To be successful, a democratic leader must become an oxymoron, promising all the strength that followership allows. A democratic leader must be strong and yet listen, proclaim a vision without becoming transfixed by it. Michael Novak (1985) has famously declared an American president to be a priest, a prophet, and a king but he could just as easily have called him a First Acolyte or First Citizen. A democratic leader hangs constantly on tenterhooks.

Such tensions have been especially sharp in the United States. Harry Truman, the ultimate dealmaker of the 1920s, became a man of extraordinary resolve just 20 years later. Dwight Eisenhower, who oversaw the allied landing in North Africa and served as Supreme Commander in France, became a surprisingly flexible politician when living in the White House. How did they know when to stand and when to bend, when to hold forth and when to keep their own counsel?

Those attracted to traditional models of politics feature John Kennedy's performance during the Bay of Pigs or Ronald Reagan's stand at the Berlin Wall as the personification of leadership.
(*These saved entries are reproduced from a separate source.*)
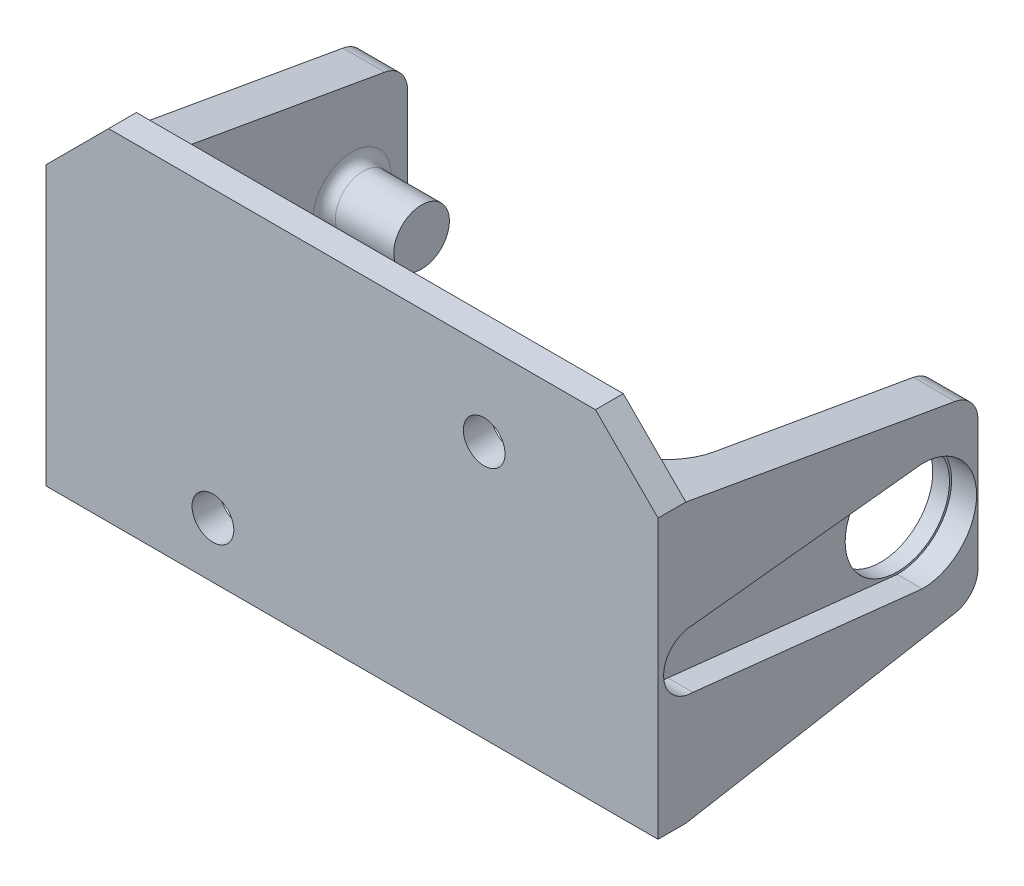
from build123d import *

# Parameters (mm, degrees)
SKETCH1_W           = 38
SKETCH1_H           = 20
BOSS_EXTRUDE1_DEPTH = 2
BOSS_EXTRUDE2_DEPTH = 3
BOSS_EXTRUDE3_DEPTH = 2
SKETCH4_R           = 1.6
CUT_EXTRUDE1_DEPTH  = 51.865017448
CUT_EXTRUDE2_START  = -1.2
CUT_EXTRUDE2_DEPTH  = 2
SKETCH6_R           = 3.75
CUT_EXTRUDE3_DEPTH  = 2.4
CUT_EXTRUDE4_DEPTH  = 34.693471178
SKETCH8_R           = 2
BOSS_EXTRUDE4_DEPTH = 8
FILLET1_R           = 0.8
FILLET2_R           = 5
SKETCH9_R           = 1.5
CUT_EXTRUDE5_DEPTH  = 10


with BuildPart() as part:
    # Sketch1 → Boss-Extrude1 (new body)
    with BuildSketch(Plane.XY):
        Rectangle(SKETCH1_W, SKETCH1_H)
    extrude(amount=BOSS_EXTRUDE1_DEPTH)

    # Sketch2 → Boss-Extrude2 (add)
    with BuildSketch(Plane(origin=(19, 0, 0), x_dir=(0, 0, -1), z_dir=(1, 0, 0))):
        with BuildLine():
            Line((-2, 10), (0, 10))
            Line((0, 10), (19.347296355, 6.588549649))
            ThreePointArc((19.347296355, 6.588549649), (20.532088886, 5.904509362), (21, 4.618934143))
            Line((21, 4.618934143), (21, -4.618934143))
            ThreePointArc((21, -4.618934143), (20.532088886, -5.904509362), (19.347296355, -6.588549649))
            Line((19.347296355, -6.588549649), (0, -10))
            Line((0, -10), (-2, -10))
            Line((-2, -10), (-2, 10))
        make_face()
    boss_extrude2 = extrude(amount=BOSS_EXTRUDE2_DEPTH)

    # Mirror1: Boss-Extrude2 across plane
    add(boss_extrude2.mirror(Plane(origin=(0, 0, 0), x_dir=(0, 0, 1), z_dir=(1, 0, 0))))

    # Sketch3 → Boss-Extrude3 (add)
    with BuildSketch(Plane(origin=(0, 0, 0), x_dir=(-1, 0, 0), z_dir=(0, 0, -1))):
        Polygon((-22, -10), (-17.5, -14.5), (17.5, -14.5), (22, -10), align=None)
        Polygon((-22, 10), (22, 10), (17.5, 14.5), (-17.5, 14.5), align=None)
    extrude(amount=-BOSS_EXTRUDE3_DEPTH)

    # Sketch4 → Cut-Extrude1 (cut, through all)
    with BuildSketch(Plane.ZY.offset(22)):
        with Locations((-17, 0)):
            Circle(SKETCH4_R)
    extrude(amount=-CUT_EXTRUDE1_DEPTH, mode=Mode.SUBTRACT)

    # Sketch5 → Cut-Extrude2 (cut)
    with BuildSketch(Plane.ZY.offset(-19).offset(CUT_EXTRUDE2_START)):
        with BuildLine():
            Line((-17, -3.9), (-0.5, -2.1))
            ThreePointArc((-0.5, -2.1), (1.6, 0), (-0.5, 2.1))
            Line((-0.5, 2.1), (-17, 3.9))
            ThreePointArc((-17, 3.9), (-20.9, 0), (-17, -3.9))
        make_face()
    extrude(amount=-CUT_EXTRUDE2_DEPTH, mode=Mode.SUBTRACT)

    # Sketch6 → Cut-Extrude3 (cut)
    with BuildSketch(Plane.ZY.offset(-19)):
        with Locations((-17, 0)):
            Circle(SKETCH6_R)
    extrude(amount=-CUT_EXTRUDE3_DEPTH, mode=Mode.SUBTRACT)

    # Sketch7 → Cut-Extrude4 (cut, through all)
    with BuildSketch(Plane(origin=(0, 0, 0), x_dir=(-1, 0, 0), z_dir=(0, 0, -1))):
        Polygon((17.5, -14.5), (22, -10), (19, -10), (-19, -10), (-22, -10), (-17.5, -14.5), align=None)
    extrude(amount=-CUT_EXTRUDE4_DEPTH, mode=Mode.SUBTRACT)

    # Sketch8 → Boss-Extrude4 (add)
    with BuildSketch(Plane.ZY.offset(22)):
        with Locations((-17, 0)):
            Circle(SKETCH8_R)
    extrude(amount=-BOSS_EXTRUDE4_DEPTH)

    # Fillet1
    fillet1_edges = [part.edges().sort_by_distance(p)[0] for p in [
        (-19, 0, -19),
    ]]
    fillet(fillet1_edges, radius=FILLET1_R)

    # Fillet2
    fillet2_edges = [part.edges().sort_by_distance(p)[0] for p in [
        (-19, 0, 0),
        (19, 0, 0),
    ]]
    fillet(fillet2_edges, radius=FILLET2_R)

    # Sketch9 → Cut-Extrude5 (cut)
    with BuildSketch(Plane(origin=(0, 0, 0), x_dir=(-1, 0, 0), z_dir=(0, 0, -1))):
        with Locations((-9.5, 8.5)):
            Circle(SKETCH9_R)
        with Locations((10, -6)):
            Circle(SKETCH9_R)
    extrude(amount=-CUT_EXTRUDE5_DEPTH, mode=Mode.SUBTRACT)


solid = part.part

But they could just as easily have looked elsewhere for their models: Lyndon Johnson, a man of the South, delicately negotiating the Civil Rights Act of 1964, or Richard Nixon repudiating his hortatory past when opening up the West to Red China. The first President Bush found it prudent to stop short of Baghdad in 1991 while the second President Bush brought the fight directly to Iraq's supreme leader a dozen years later. Firmness and tractability: Which to use, when?

Figure 1 provides a simple depiction of the options. The vertical axis indicates whether the president has taken some overt, empirical action (e.g., sending in the National Guard, interdicting foreign ships, etc.) or used rhetoric instead (arguing for tax cuts, for example, or soothing the nation during times of travail). The president's options along this continuum differ in revocability. After a certain point, that is, Air Force bombers cannot be recalled, while an executive order on toxic waste dumps can be abandoned or rewritten at will. Presidential speech varies too especially in comsummatoriness--with some remarks being entirely ceremonial (e.g., a state eulogy or a May Day celebration) while others are spoken in policy-making contexts (e.g., the State of the Union address) and hence have more injunctive force.

[FIGURE 1 OMITTED]

Cutting across the action/language continuum is a measure of the president's performative strength. Is the act emphatic and unyielding (hostilities commenced, taxes increased) or is it more tentative (e.g., a low-key diplomatic mission)? Presidential speech can also vary along this continuum, with some remarks being unmistakably clear (e.g., George W. Bush's invitation to the Iraqi commanders to "bring it on") while others are equivocal (e.g., James Buchanan's "what is right and what is practicable are two different things") or opaque (e.g., Bill Clinton's "it depends on what the definition of 'is' is"). …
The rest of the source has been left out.